Leave the pictures out and write out exactly the lines from the top of the entries through the line containing "blk.add_circle((0, 0), radius, dxfattribs=at)".

(GIVEN ENTRIES)

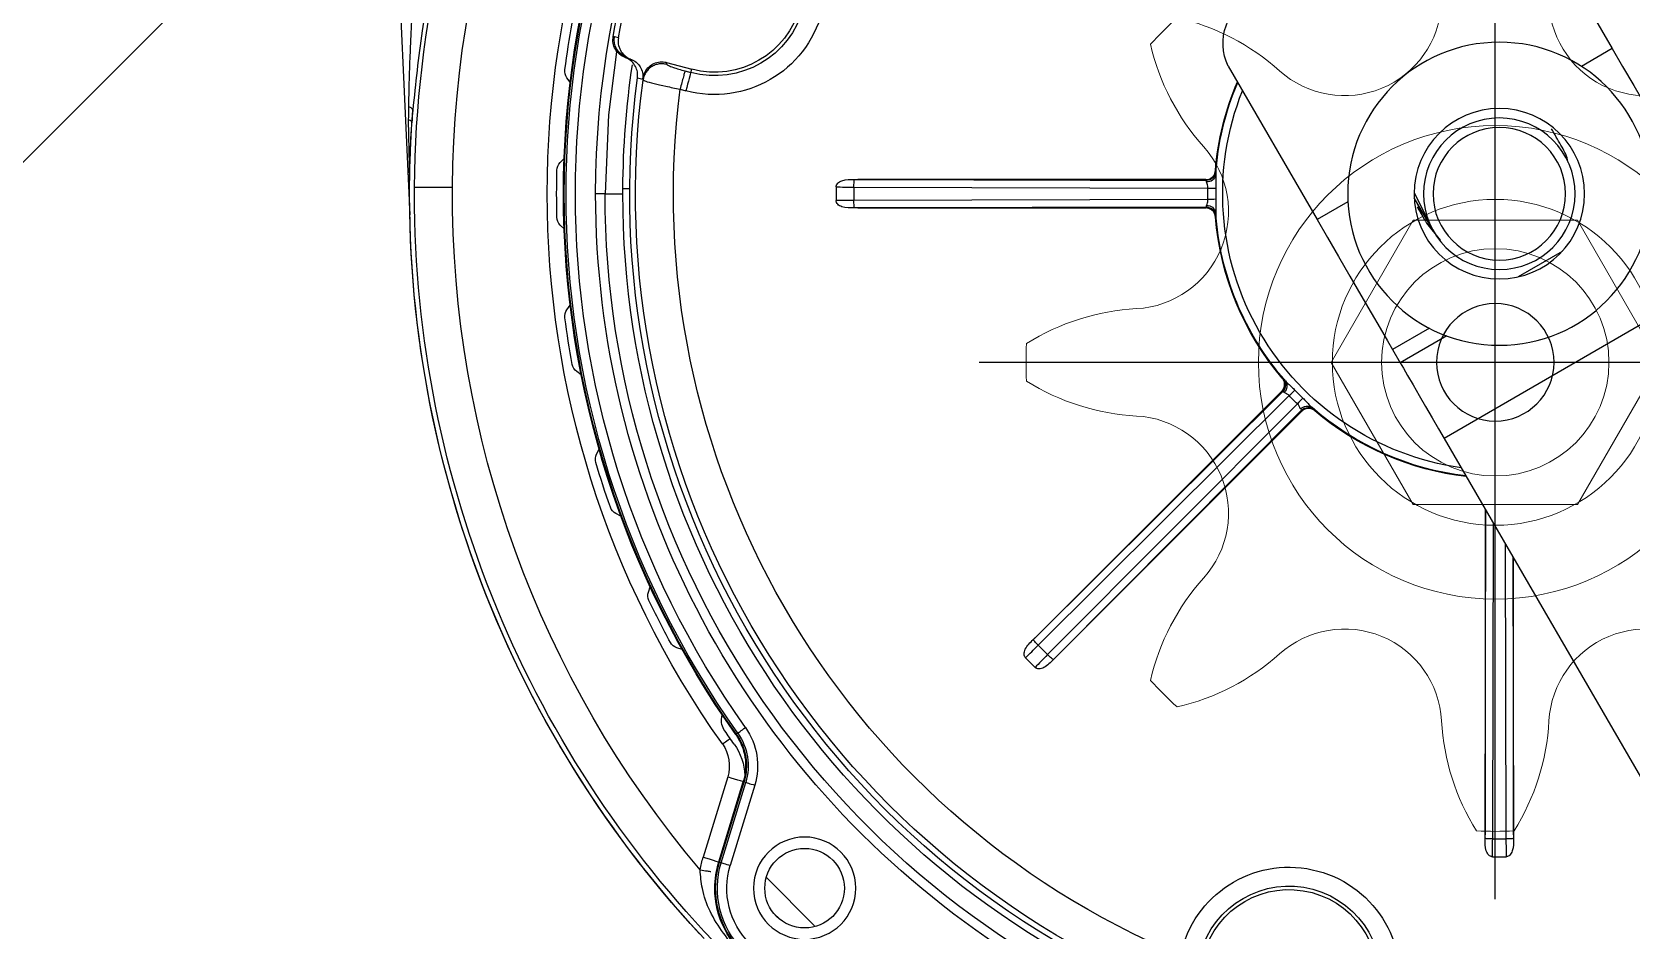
# Model space of a CAD drawing. Header units: millimetres. Extents: x 4754612 to 5801174, y 2368242 to 2777223.
# Drawn here: x 5508281 to 5508365.4, y 2425297.9 to 2425345.3 of the extents above; entities that cross this region are included whole.
import ezdxf

# ---------------------------------------------------------------- set-up
doc = ezdxf.new("R2010")
doc.units = ezdxf.units.MM
doc.header["$LTSCALE"] = 1000
doc.linetypes.add('CENTER', pattern=[50.8, 31.75, -6.35, 6.35, -6.35])
for name, color, linetype in [('253', 253, 'Continuous'), ('DOOR', 4, 'Continuous'), ('HAT', 252, 'Continuous')]:
    doc.layers.add(name, color=color, linetype=linetype)

# ---------------------------------------------------------------- blocks, each defined once
blk = doc.blocks.new('A$C5E220887')
at = {"color": 1, "linetype": 'CENTER', "ltscale": 0.3}
for p, q in [((0, -28.345), (0, 28.345)), ((-27.235, 0), (27.235, 0))]:
    blk.add_line(p, q, dxfattribs=at)
at = {"lineweight": 18, "ltscale": 0.3}
for p, q in [((-8.66, 0), (-4.33, 7.5)), ((4.33, 7.5), (-4.33, 7.5)), ((4.33, 7.5), (8.66, 0)), ((-4.33, -7.5), (-8.66, 0)), ((8.66, 0), (4.33, -7.5)), ((4.33, -7.5), (-4.33, -7.5))]:
    blk.add_line(p, q, dxfattribs=at)
for radius in [12.5, 8.6, 6]:
    blk.add_circle((0, 0), radius, dxfattribs=at)
for centre, radius, start, end in [((9.34, 18.265), 12.192, 147.91951, 176.875), ((0, 0), 24.761, 87.70803, 92.29197), ((-9.34, 18.265), 12.192, 3.125, 32.08049), ((-7.957, 19.21), 5.131, 228.125, 356.875), ((7.957, 19.21), 5.131, 183.125, 311.875), ((0, 0), 24.761, 132.70803, 137.29197), ((-19.52, 6.311), 12.192, 48.125, 77.08049), ((19.52, 6.311), 12.192, 102.91951, 131.875), ((0, 0), 24.761, 42.70803, 47.29197), ((-6.311, 19.52), 12.192, 192.91951, 221.875), ((6.311, 19.52), 12.192, 318.125, 347.08049), ((-19.21, 7.957), 5.131, 273.125, 41.875), ((19.21, 7.957), 5.131, 138.125, 266.875), ((-18.265, -9.34), 12.192, 93.125, 122.08049), ((18.265, -9.34), 12.192, 57.91951, 86.875), ((0, 0), 24.761, 177.70803, 182.29197), ((0, 0), 24.761, 357.70803, 2.29197), ((-18.265, 9.34), 12.192, 237.91951, 266.875), ((18.265, 9.34), 12.192, 273.125, 302.08049), ((-19.21, -7.957), 5.131, 318.125, 86.875), ((19.21, -7.957), 5.131, 93.125, 221.875), ((-6.311, -19.52), 12.192, 138.125, 167.08049), ((6.311, -19.52), 12.192, 12.91951, 41.875), ((-7.957, -19.21), 5.131, 3.125, 131.875), ((7.957, -19.21), 5.131, 48.125, 176.875), ((-19.52, -6.311), 12.192, 282.91951, 311.875), ((19.52, -6.311), 12.192, 228.125, 257.08049), ((0, 0), 24.761, 222.70803, 227.29197), ((0, 0), 24.761, 312.70803, 317.29197), ((9.34, -18.265), 12.192, 183.125, 212.08049), ((-9.34, -18.265), 12.192, 327.91951, 356.875), ((0, 0), 24.761, 267.70803, 272.29197)]:
    blk.add_arc(centre, radius, start, end, dxfattribs=at)
blk = doc.blocks.new('방화셔터 기본')
at = {"layer": '253'}
blk.add_line((5542498.292, 8102013.686), (5542239.842, 8102272.136), dxfattribs=at)
at = {"layer": '253', "linetype": 'Continuous', "lineweight": 25}
for p, q in [((5542413.458, 8102129.425), (5542411.091, 8102077.687)), ((5542352.324, 8102094.562), (5542347.629, 8102086.463)), ((5542400.079, 8102087.025), (5542400.358, 8102087.101)), ((5542347.629, 8102086.463), (5542349.253, 8102085.522)), ((5542367.897, 8102085.534), (5542363.202, 8102077.435)), ((5542397.537, 8102085.731), (5542396.214, 8102085.377)), ((5542396.262, 8102085.2), (5542396.214, 8102085.377)), ((5542399.719, 8102085.987), (5542399.439, 8102085.912)), ((5542399.634, 8102085.956), (5542399.719, 8102085.987)), ((5542396.568, 8102085.282), (5542396.262, 8102085.2)), ((5542398.786, 8102084.896), (5542398.78, 8102084.799)), ((5542402.627, 8102084.688), (5542402.796, 8102084.922)), ((5542396.826, 8102084.32), (5542396.52, 8102084.238)), ((5542411.088, 8102079.505), (5542411.151, 8102082.71)), ((5542403.148, 8102080.45), (5542402.944, 8102080.654)), ((5542387.436, 8102079.549), (5542369.053, 8102079.501)), ((5542369.074, 8102079.549), (5542387.436, 8102079.549)), ((5542358.089, 8102078.874), (5542357.175, 8102077.026)), ((5542387.652, 8102079.15), (5542368.966, 8102079.101)), ((5542387.652, 8102079.15), (5542387.652, 8102078.448)), ((5542388.589, 8102079.16), (5542388.589, 8102078.438)), ((5542399.843, 8102079.07), (5542399.482, 8102079.068)), ((5542400.783, 8102078.799), (5542399.844, 8102078.799)), ((5542400.783, 8102078.799), (5542401.282, 8102078.799)), ((5542410.838, 8102079.155), (5542408.838, 8102079.143)), ((5542357.116, 8102076.907), (5542358.084, 8102078.576)), ((5542357.65, 8102077.629), (5542357.908, 8102078.273)), ((5542361.578, 8102078.377), (5542363.202, 8102077.435)), ((5542368.966, 8102078.498), (5542387.652, 8102078.448)), ((5542369.053, 8102078.098), (5542387.436, 8102078.049)), ((5542387.436, 8102078.049), (5542369.074, 8102078.049)), ((5542357.429, 8102077.248), (5542356.71, 8102076.344)), ((5542402.944, 8102076.945), (5542403.148, 8102077.149)), ((5542350.275, 8102075.755), (5542352.594, 8102074.411)), ((5542340.927, 8102074.902), (5542356.499, 8102065.874)), ((5542402.796, 8102072.676), (5542402.627, 8102072.91)), ((5542356.362, 8102071.295), (5542358.817, 8102069.872)), ((5542357.273, 8102071.698), (5542359.221, 8102070.569)), ((5542359.221, 8102070.569), (5542358.817, 8102069.872)), ((5542402.046, 8102069.247), (5542402.28, 8102069.416)), ((5542364.249, 8102067.713), (5542377.427, 8102054.466)), ((5542377.923, 8102054.962), (5542364.675, 8102068.14)), ((5542378.053, 8102055.397), (5542365.02, 8102068.361)), ((5542365.069, 8102068.38), (5542378.053, 8102055.397)), ((5542376.992, 8102054.336), (5542364.008, 8102067.32)), ((5542364.028, 8102067.369), (5542376.992, 8102054.336)), ((5542356.499, 8102065.874), (5542340.774, 8102038.749)), ((5542401.233, 8102065.054), (5542401.102, 8102065.311)), ((5542354.339, 8102044.953), (5542354.294, 8102062.07)), ((5542354.339, 8102062.148), (5542354.339, 8102044.953)), ((5542399.956, 8102061.784), (5542400.213, 8102061.915)), ((5542353.94, 8102044.737), (5542353.896, 8102061.384)), ((5542353.28, 8102060.32), (5542353.239, 8102044.737)), ((5542352.878, 8102059.628), (5542352.839, 8102044.953)), ((5542352.839, 8102044.953), (5542352.839, 8102059.561)), ((5542398.496, 8102057.77), (5542398.407, 8102058.045)), ((5542377.923, 8102054.962), (5542377.427, 8102054.466)), ((5542378.593, 8102054.305), (5542378.083, 8102053.795)), ((5542396.723, 8102054.74), (5542396.997, 8102054.829)), ((5542394.628, 8102051.163), (5542394.608, 8102051.289)), ((5542393.783, 8102050.326), (5542393.857, 8102050.273)), ((5542393.891, 8102050.249), (5542393.857, 8102050.273)), ((5542392.885, 8102047.574), (5542394.18, 8102043.336)), ((5542393.45, 8102047.747), (5542393.363, 8102047.72)), ((5542394.658, 8102043.483), (5542393.363, 8102047.72)), ((5542393.49, 8102047.759), (5542393.45, 8102047.747)), ((5542394.745, 8102043.509), (5542393.45, 8102047.747)), ((5542394.785, 8102043.521), (5542393.49, 8102047.759)), ((5542394.313, 8102048.011), (5542395.608, 8102043.773)), ((5542353.94, 8102044.737), (5542353.239, 8102044.737)), ((5542353.95, 8102043.799), (5542353.229, 8102043.799)), ((5542394.658, 8102043.483), (5542394.745, 8102043.509)), ((5542394.745, 8102043.509), (5542394.785, 8102043.521)), ((5542392.257, 8102042.701), (5542389.723, 8102040.146)), ((5542391.876, 8102040.803), (5542391.585, 8102040.512))]:
    blk.add_line(p, q, dxfattribs=at)
at = {"layer": '253', "lineweight": 18}
blk.add_line((5541981.495, 8102069.899), (5542356.902, 8102069.899), dxfattribs=at)
at = {"layer": '253', "linetype": 'Continuous', "lineweight": 25, "flags": 128}
for points in [[(5542347.629, 8102086.463), (5542347.084, 8102085.523), (5542346.499, 8102084.513), (5542345.9, 8102083.481), (5542345.317, 8102082.475), (5542344.777, 8102081.542), (5542344.304, 8102080.728), (5542343.922, 8102080.069), (5542343.649, 8102079.597)], [(5542400.162, 8102086.425), (5542400.598, 8102082.971), (5542400.783, 8102078.799)], [(5542397.537, 8102085.731), (5542397.534, 8102085.675), (5542397.531, 8102085.629)], [(5542396.262, 8102085.2), (5542396.27, 8102085.168), (5542396.287, 8102085.104), (5542396.312, 8102085.011), (5542396.345, 8102084.891), (5542396.383, 8102084.748), (5542396.426, 8102084.588), (5542396.472, 8102084.416), (5542396.52, 8102084.238)], [(5542399.074, 8102084.916), (5542398.924, 8102084.876), (5542398.793, 8102084.841)], [(5542350.335, 8102081.361), (5542350.398, 8102081.469), (5542350.461, 8102081.577), (5542350.524, 8102081.686), (5542350.587, 8102081.794), (5542350.649, 8102081.902), (5542350.712, 8102082.01), (5542350.774, 8102082.118), (5542350.837, 8102082.226)], [(5542368.576, 8102080.009), (5542368.561, 8102079.975), (5542368.555, 8102079.962)], [(5542357.931, 8102078.113), (5542357.869, 8102078.006), (5542357.806, 8102077.898), (5542357.743, 8102077.79), (5542357.681, 8102077.682), (5542357.618, 8102077.573), (5542357.555, 8102077.465), (5542357.492, 8102077.356), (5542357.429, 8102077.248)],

(End GIVEN ENTRIES)

» **RESPONSE BOX**:
# Model space of a CAD drawing. Header units: millimetres. Extents: x 4754612 to 5801174, y 2368242 to 2777223.
# Drawn here: x 5508281 to 5508365.4, y 2425297.9 to 2425345.3 of the extents above; entities that cross this region are included whole.
import ezdxf

# ---------------------------------------------------------------- set-up
doc = ezdxf.new("R2010")
doc.units = ezdxf.units.MM
doc.header["$LTSCALE"] = 1000
doc.linetypes.add('CENTER', pattern=[50.8, 31.75, -6.35, 6.35, -6.35])
for name, color, linetype in [('253', 253, 'Continuous'), ('DOOR', 4, 'Continuous'), ('HAT', 252, 'Continuous')]:
    doc.layers.add(name, color=color, linetype=linetype)

# ---------------------------------------------------------------- blocks, each defined once
blk = doc.blocks.new('A$C5E220887')
at = {"color": 1, "linetype": 'CENTER', "ltscale": 0.3}
for p, q in [((0, -28.345), (0, 28.345)), ((-27.235, 0), (27.235, 0))]:
    blk.add_line(p, q, dxfattribs=at)
at = {"lineweight": 18, "ltscale": 0.3}
for p, q in [((-8.66, 0), (-4.33, 7.5)), ((4.33, 7.5), (-4.33, 7.5)), ((4.33, 7.5), (8.66, 0)), ((-4.33, -7.5), (-8.66, 0)), ((8.66, 0), (4.33, -7.5)), ((4.33, -7.5), (-4.33, -7.5))]:
    blk.add_line(p, q, dxfattribs=at)
for radius in [12.5, 8.6, 6]:
    blk.add_circle((0, 0), radius, dxfattribs=at)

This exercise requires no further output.